Backend error codes surface as actionable tool errors:

- **403** -> "Permission denied. Check prompt ownership or required role."
- **404** -> "Not found. Verify prompt_id / skill_id and PAT visibility scope."
- **409** -> "Conflict. Repository-backed prompt (edit source files) OR concurrent writer. Re-fetch and retry."
- **422** -> "Validation failed.
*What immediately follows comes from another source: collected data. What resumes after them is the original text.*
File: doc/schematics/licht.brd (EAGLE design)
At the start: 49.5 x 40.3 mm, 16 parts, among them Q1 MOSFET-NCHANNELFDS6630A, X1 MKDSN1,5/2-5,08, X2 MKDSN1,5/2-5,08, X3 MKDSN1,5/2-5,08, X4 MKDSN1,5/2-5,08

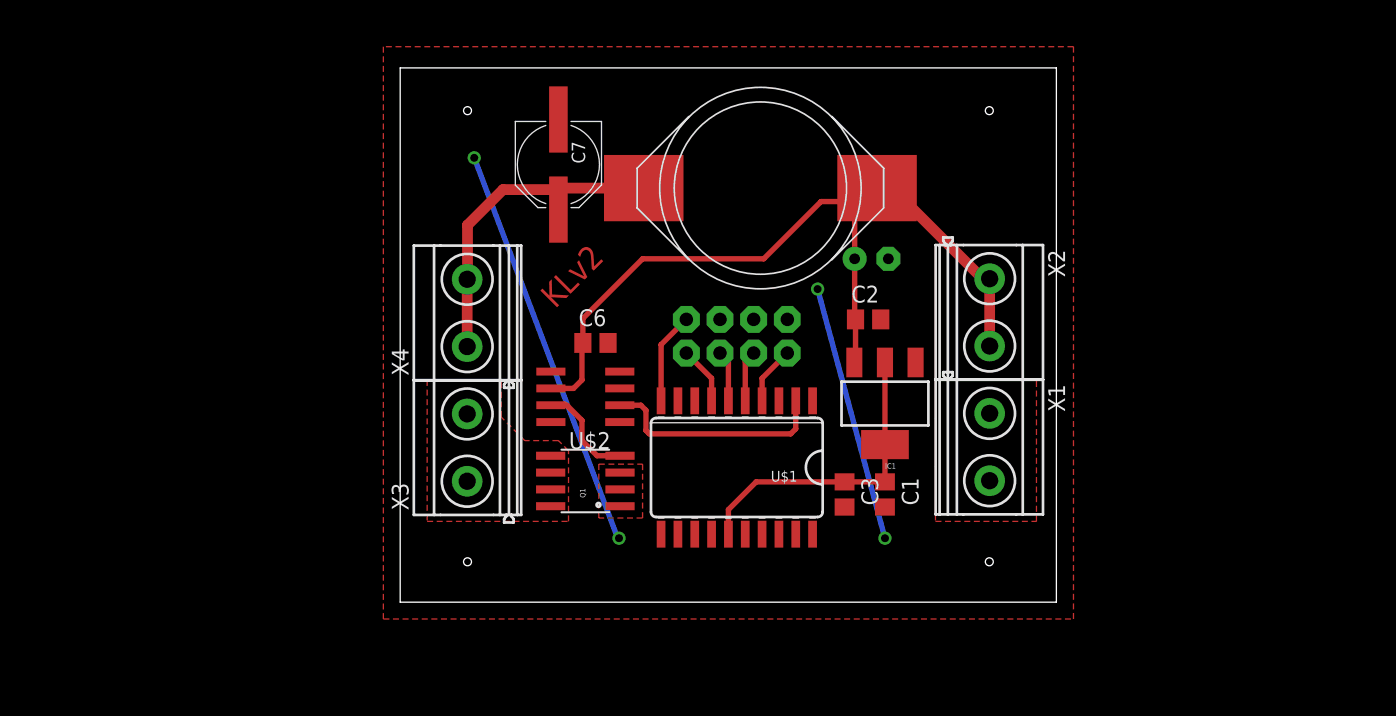
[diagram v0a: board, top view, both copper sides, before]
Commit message: Switched layout and board.
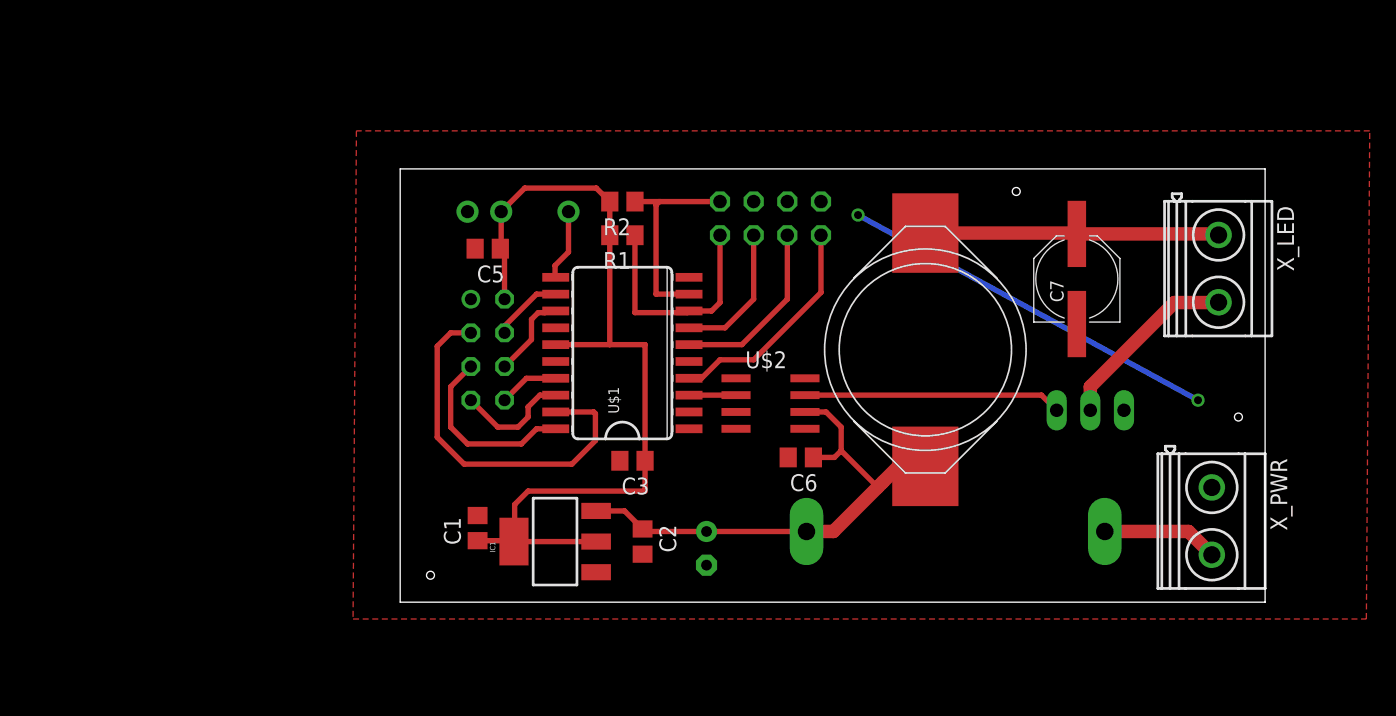
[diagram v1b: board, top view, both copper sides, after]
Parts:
- removed X1, X2, X3, X4: MKDSN1,5/2-5,08, con-phoenix-508:MKDSN1,5/2-5,08
- added C5: 100n, rcl:C0805
- added F1: (no value), fuse:SH22,5
- added IR1: TSOP1736TB1, tsop1736:TSOP17_TB1
- added NRF: (no value), florolf:FE04-2
- added R1, R2: 10k, rcl:R0805
- added X_LED, X_PWR: MKDSN1,5/2-5,08, con-phoenix-508:MKDSN1,5/2-5,08
- Q1: value MOSFET-NCHANNELFDS6630A -> MOSFET-NCHANNELFQP30N06L; device SparkFun-DiscreteSemi:SO08 -> SparkFun-DiscreteSemi:TO220V
- moved C7 40.1 mm to (51.1, 24.4), turned to 90 degrees
- moved Q1 38.5 mm to (52.1, 14.5), flipped to the bottom, turned to 180 degrees
- moved C1 30.8 mm to (5.84, 5.59), turned to 90 degrees
- moved IC1 27.0 mm to (11.7, 4.57), turned to 90 degrees
- moved C4 25.1 mm to (23.1, 4.06), turned to 270 degrees
- moved C2 23.9 mm to (18.3, 4.57), turned to 270 degrees
- moved C6 17.7 mm to (30.2, 10.9), turned to 180 degrees
- moved L1 17.4 mm to (39.6, 19.1), turned to 90 degrees
- moved C3 16.2 mm to (17.5, 10.7), turned to 180 degrees
- moved U$2 14.0 mm to (27.9, 15.0), turned to 270 degrees
- moved U$1 12.2 mm to (16.8, 18.8), turned to 90 degrees
- moved SV1 9.25 mm to (27.9, 29.0)
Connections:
- removed net MISC: SV1.8, U$1.10
- removed net OUT: Q1.5, Q1.6, Q1.7, Q1.8, X3.1, X3.2
- new net CE: NRF.3, U$1.19
- new net CSN: NRF.4, U$1.12
- new net IROUT: IR1.VO, U$1.11
- new net IRQ: NRF.8, U$1.17
- new net MISO: NRF.7, U$1.18
- new net MOSI: NRF.6, U$1.13
- new net N$2: Q1.2, X_LED.2
- new net N$3: F1.2, X_PWR.2
- new net ROT1: R2.1, SV1.8, U$1.9
- new net ROT2: R1.1, SV1.7, U$1.8
- new net SCK: NRF.5, U$1.20
- net +12V: now also F1.1; no longer X2.1, X2.2
- net +3V3: now also C5.1, IR1.VS, NRF.2, R1.2, R2.2
- net FET1: now also Q1.1; no longer Q1.4
- net GND: now also C5.2, IR1.GND, NRF.1, X_PWR.1; no longer Q1.1, Q1.2, X1.1, X1.2
- net N$1: now also X_LED.1; no longer X4.1, X4.2
- net PWM1: now also U$1.3; no longer U$1.2
- net SWCLK: now also SV1.3; no longer SV1.5
- net SWDIO: now also SV1.5; no longer SV1.7
- net WAKE: no longer SV1.3
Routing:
- net +3V3: track 23.5 -> 67.3 mm
- net CE: track 0.00 -> 28.4 mm
- net +12V: track 62.7 -> 38.7 mm
- net GND: track 50.4 -> 29.2 mm, vias 4 -> 2
- net ROT2: track 0.00 -> 17.7 mm
- net ROT1: track 0.00 -> 16.0 mm
- net SCK: track 0.00 -> 14.1 mm
- net N$2: track 0.00 -> 14.1 mm
- net PWM1: track 17.3 -> 3.55 mm
- net RST: track 4.40 -> 17.0 mm
- net FET1: track 7.69 -> 19.5 mm
- net SWCLK: track 3.87 -> 13.7 mm
- net N$3: track 0.00 -> 8.80 mm
- net MISO: track 0.00 -> 8.69 mm
- net MISC: track 6.94 -> 0.00 mm
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- removed copper zone on layer 1, net OUT
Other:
- board size 49.5 x 40.3 mm -> 65.3 x 32.7 mm
- board text removed: "KLv2"

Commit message: +Verpolungsschutz
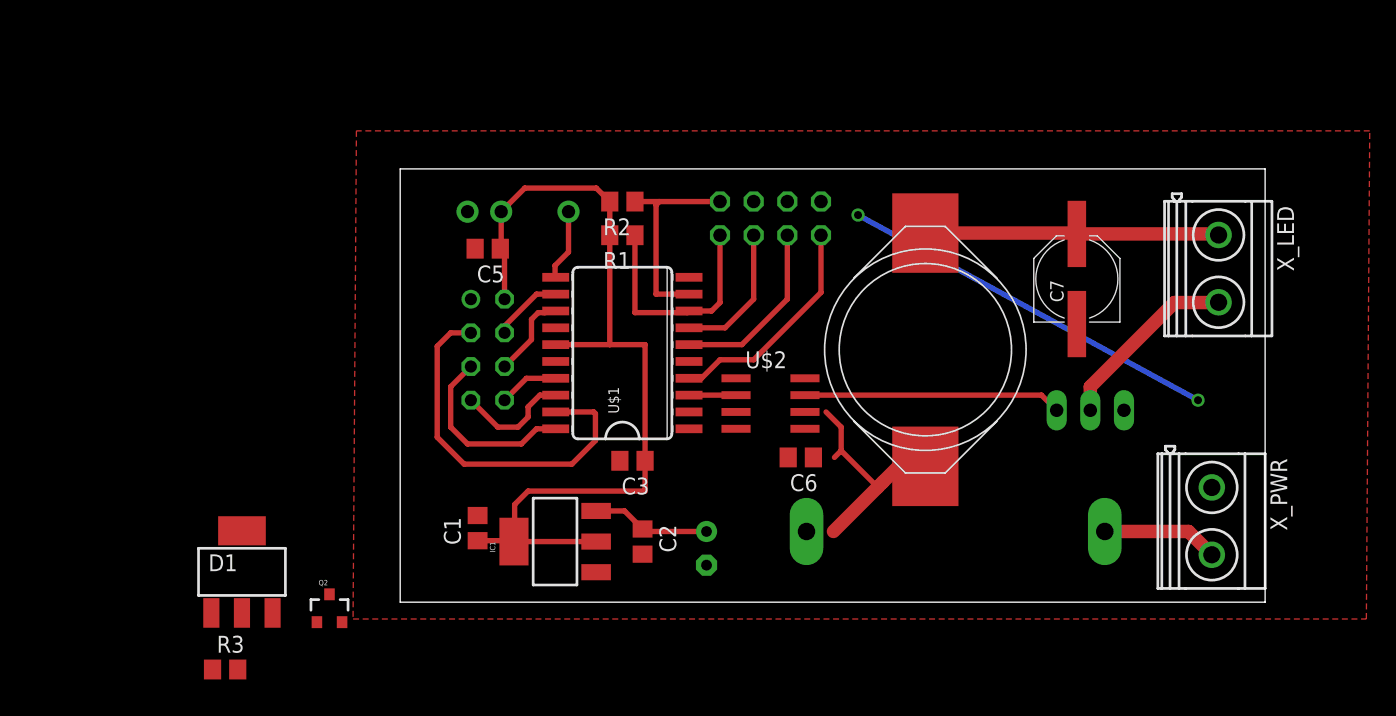
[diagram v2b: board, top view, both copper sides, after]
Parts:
- added D1: (no value), diode:SOT223
- added Q2: MOSFET-PCHANNELSMD, SparkFun-DiscreteSemi:SOT23-3
- added R3: 100k, rcl:R0805
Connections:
- new net N$4: F1.1, Q2.3
- new net N$5: D1.1, Q2.1, R3.2
- new net V+: C2.1, C4.+, C6.1, D1.4, IC1.3, Q2.2, U$2.6
- net +12V: no longer C2.1, C4.+, C6.1, F1.1, IC1.3, U$2.6
- net GND: now also R3.1
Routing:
- net +12V: track 38.7 -> 17.0 mm
- net V+: track 0.00 -> 8.97 mm
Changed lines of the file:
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@@
 <layer number="97" name="Info" color="7" fill="1" visible="no" active="no"/>
 <layer number="98" name="Guide" color="6" fill="1" visible="no" active="no"/>
+<layer number="99" name="SpiceOrder" color="5" fill="1" visible="no" active="no"/>
 <layer number="100" name="Muster" color="7" fill="1" visible="yes" active="yes"/>
 <layer number="101" name="Patch_Top" color="12" fill="4" visible="yes" active="yes"/>
@@
 <wire x1="65.258" y1="32.69" x2="0" y2="32.69" width="0" layer="20"/>
 <wire x1="0" y1="32.69" x2="0" y2="0" width="0" layer="20"/>
-<hole x="2.286" y="2.032" drill="0.6"/>
-<hole x="46.482" y="30.988" drill="0.6"/>
-<hole x="63.246" y="13.97" drill="0.6"/>
 </plain>
 <attributes>
@@
 <attribute name="OC_FARNELL" value="1162740" x="41.91" y="5.334" size="1.778" layer="28" font="vector" rot="MR180" display="off"/>
 </element>
+<element name="Q2" library="SparkFun-DiscreteSemi" package="SOT23-3" value="MOSFET-PCHANNELSMD" x="-5.334" y="-0.508"/>
+<element name="D1" library="diode" package="SOT223" value="" x="-11.938" y="2.286"/>
+<element name="R3" library="rcl" package="R0805" value="100k" x="-13.208" y="-5.08"/>
 </elements>
 <signals>
@@
 <via x="60.198" y="15.24" extent="1-16" drill="0.6"/>
 <wire x1="34.544" y1="29.21" x2="60.198" y2="15.24" width="0.4064" layer="16"/>
+<contactref element="R3" pad="1"/>
+<wire x1="5.842" y1="6.538" x2="-14.158" y2="-5.08" width="0" layer="19" extent="1-1"/>
 </signal>
 <signal name="+3V3">
@@
 </signal>
 <signal name="+12V">
-<contactref element="U$2" pad="6"/>
-<contactref element="C6" pad="1"/>
 <contactref element="L1" pad="1"/>
-<wire x1="30.54" y1="14.351" x2="32.131" y2="14.351" width="0.4064" layer="1"/>
 <wire x1="32.131" y1="14.351" x2="33.274" y2="13.208" width="0.4064" layer="1"/>
 <wire x1="33.274" y1="13.208" x2="33.274" y2="11.43" width="0.4064" layer="1"/>
 <wire x1="33.274" y1="11.43" x2="32.766" y2="10.922" width="0.4064" layer="1"/>
-<wire x1="32.766" y1="10.922" x2="31.176" y2="10.922" width="0.4064" layer="1"/>
-<contactref element="IC1" pad="3"/>
-<contactref element="C2" pad="1"/>
-<contactref element="C4" pad="+"/>
-<wire x1="18.288" y1="5.522" x2="18.476" y2="5.334" width="0.4064" layer="1"/>
-<contactref element="F1" pad="1"/>
-<wire x1="14.7828" y1="6.8834" x2="16.9266" y2="6.8834" width="0.4064" layer="1"/>
-<wire x1="16.9266" y1="6.8834" x2="18.288" y2="5.522" width="0.4064" layer="1"/>
-<wire x1="18.476" y1="5.334" x2="23.114" y2="5.334" width="0.4064" layer="1"/>
 <wire x1="36.0299" y1="8.6741" x2="36.4109" y2="9.0551" width="1.016" layer="1"/>
 <wire x1="36.4109" y1="9.0551" x2="37.6058" y2="10.25" width="1.016" layer="1"/>
 <wire x1="37.6058" y1="10.25" x2="39.624" y2="10.25" width="1.016" layer="1"/>
 <wire x1="33.274" y1="11.43" x2="36.0299" y2="8.6741" width="0.4064" layer="1"/>
-<wire x1="23.114" y1="5.334" x2="30.6578" y2="5.334" width="0.4064" layer="1"/>
-<wire x1="30.6578" y1="5.334" x2="32.6898" y2="5.334" width="1.016" layer="1"/>
 <wire x1="32.6898" y1="5.334" x2="36.0299" y2="8.6741" width="1.016" layer="1"/>
 </signal>
@@
 <wire x1="59.4821" y1="5.334" x2="61.239" y2="3.5771" width="1.016" layer="1"/>
 </signal>
+<signal name="N$4">
+<contactref element="F1" pad="1"/>
+<contactref element="Q2" pad="3"/>
+<wire x1="-5.334" y1="0.592" x2="30.6578" y2="5.334" width="0" layer="19" extent="1-1"/>
+</signal>
+<signal name="V+">
+<contactref element="IC1" pad="3"/>
+<contactref element="C2" pad="1"/>
+<contactref element="C4" pad="+"/>
+<wire x1="18.288" y1="5.522" x2="18.476" y2="5.334" width="0.4064" layer="1"/>
+<wire x1="14.7828" y1="6.8834" x2="16.9266" y2="6.8834" width="0.4064" layer="1"/>
+<wire x1="16.9266" y1="6.8834" x2="18.288" y2="5.522" width="0.4064" layer="1"/>
+<wire x1="18.476" y1="5.334" x2="23.114" y2="5.334" width="0.4064" layer="1"/>
+<contactref element="U$2" pad="6"/>
+<contactref element="C6" pad="1"/>
+<contactref element="Q2" pad="2"/>
+<contactref element="D1" pad="4"/>
+<wire x1="31.176" y1="10.922" x2="30.54" y2="14.351" width="0" layer="19" extent="1-1"/>
+<wire x1="23.114" y1="5.334" x2="31.176" y2="10.922" width="0" layer="19" extent="1-1"/>
+<wire x1="-4.384" y1="-1.508" x2="14.7828" y2="6.8834" width="0" layer="19" extent="1-1"/>
+<wire x1="-11.938" y1="5.385" x2="-4.384" y2="-1.508" width="0" layer="19" extent="1-1"/>
+</signal>
+<signal name="N$5">
+<contactref element="Q2" pad="1"/>
+<contactref element="D1" pad="1"/>
+<contactref element="R3" pad="2"/>
+<wire x1="-14.249" y1="-0.813" x2="-12.258" y2="-5.08" width="0" layer="19" extent="1-1"/>
+<wire x1="-6.284" y1="-1.508" x2="-12.258" y2="-5.08" width="0" layer="19" extent="1-1"/>
+</signal>
 </signals>

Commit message: pinheader geändert, reichelt-kompatiblen sicherungshalter
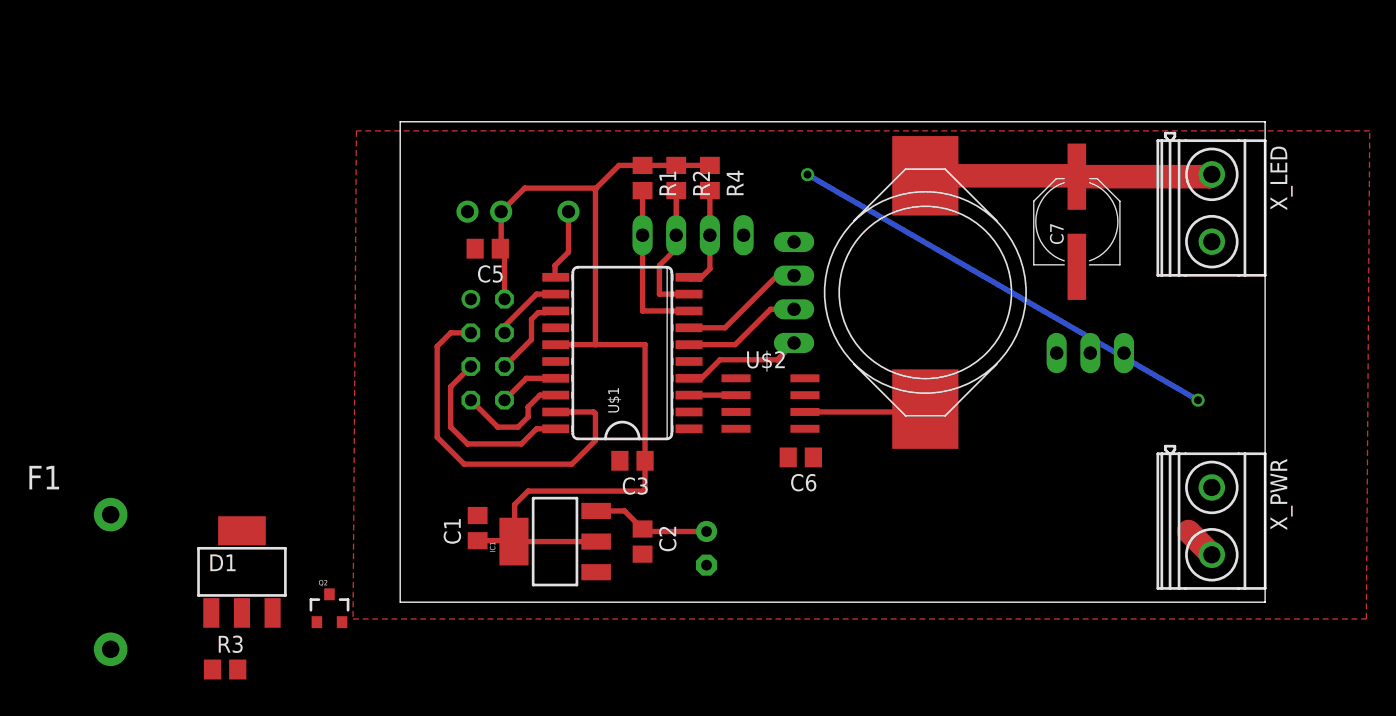
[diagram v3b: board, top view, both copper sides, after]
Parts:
- removed SV1: (no value), con-lstb:MA04-2
- added ISP, ROTARY: (no value), con-lstb:MA04-1
- added R4: 10k, rcl:R0805
- F1: device fuse:SH22,5 -> sprawl:PTF45
- moved F1 63.9 mm to (-21.8, 1.52), flipped to the top, turned to 0 degrees
- moved X_LED 4.60 mm to (61.2, 29.7)
- moved R1 4.58 mm to (18.3, 32.0), turned to 270 degrees
- moved R2 4.44 mm to (20.8, 32.0), turned to 270 degrees
- moved C7 4.32 mm to (51.1, 28.7)
- moved Q1 4.32 mm to (52.1, 18.8)
- moved L1 4.32 mm to (39.6, 23.4)
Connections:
- removed net +12V: L1.1
- new net ROTBTN: R4.2, ROTARY.2, U$1.10
- net +3V3: now also R1.1, R2.1, R4.1; no longer R1.2, R2.2
- net GND: now also ISP.1, ROTARY.1; no longer SV1.2, SV1.4, SV1.6
- net N$3: now also F1.1; no longer F1.2
- net N$4: now also F1.2; no longer F1.1
- net ROT1: now also R2.2, ROTARY.3; no longer R2.1, SV1.8
- net ROT2: now also R1.2, ROTARY.4; no longer R1.1, SV1.7
- net RST: now also ISP.4; no longer SV1.1
- net SWCLK: now also ISP.3; no longer SV1.3
- net SWDIO: now also ISP.2; no longer SV1.5
- net V+: now also L1.1
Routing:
- net FET1: track 19.5 -> 0.00 mm
- net +12V: track 17.0 -> 0.00 mm
- net N$2: track 14.1 -> 0.00 mm
- net V+: track 8.97 -> 18.1 mm
- net +3V3: track 67.3 -> 76.1 mm
- net RST: track 17.0 -> 9.03 mm
- net ROTBTN: track 0.00 -> 7.85 mm
- net N$3: track 8.80 -> 2.48 mm
- net ROT1: track 16.0 -> 10.6 mm
- net ROT2: track 17.7 -> 12.6 mm
- net GND: track 29.2 -> 34.0 mm
- net SWCLK: track 13.7 -> 9.03 mm
- net SWDIO: track 10.6 -> 9.56 mm
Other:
- board size 65.3 x 32.7 mm -> 65.3 x 36.2 mm

Check prompt_text length (max 500k), test / metric shapes, field types."

### Resources (5 URI patterns)

- `ptm://prompts/{prompt_id}` - active version's `prompt_text` (text/plain)
- `ptm://prompts/{prompt_id}/v{N}` - that version's `prompt_text` (text/plain)
- `ptm://runs/{run_key}/report.md` - markdown report (text/markdown)
- `ptm://runs/{run_key}/report.html` - HTML report (text/html)
- `ptm://optimizations/{optimization_id}/report.md` - markdown summary (text/markdown)

Dynamic segments are allow-list validated (`^[a-zA-Z0-9_.-]+$` plus explicit `.`/`..` rejection).

## Security defaults

- `PTM_MCP_READ_ONLY=true` blocks every write tool at call time.
- `X-PTM-Client` + `X-PTM-MCP-Session` on every outbound request so the backend can classify and audit agent traffic.
- Env scrub at startup drops anything outside the allow-list.
- Startup preflight (`/healthz` + `/auth/me` + `/meta`) with exponential backoff on transient failures and dedicated exit codes per failed layer.

## Exit codes

| Code | Meaning |
|---|---|
| `0` | clean shutdown |
| `1` | unhandled exception |
| `2` | `/healthz` unreachable after 31s of backoff |
| `3` | `/auth/me` rejected the token |
| `4` | backend version < 1.9.0 or unparseable |
| `130` | interrupted (SIGINT) |

## Status

0.12.0. 53 tools: full PTM surface (prompts, evals, optimization, triage, runs, skills, tool registry, ad-hoc execution, inline-contents fetch) + 5 resource URI patterns, read-only gate, Cloudflare Access auto-discovery. See `CHANGELOG.md` for release notes.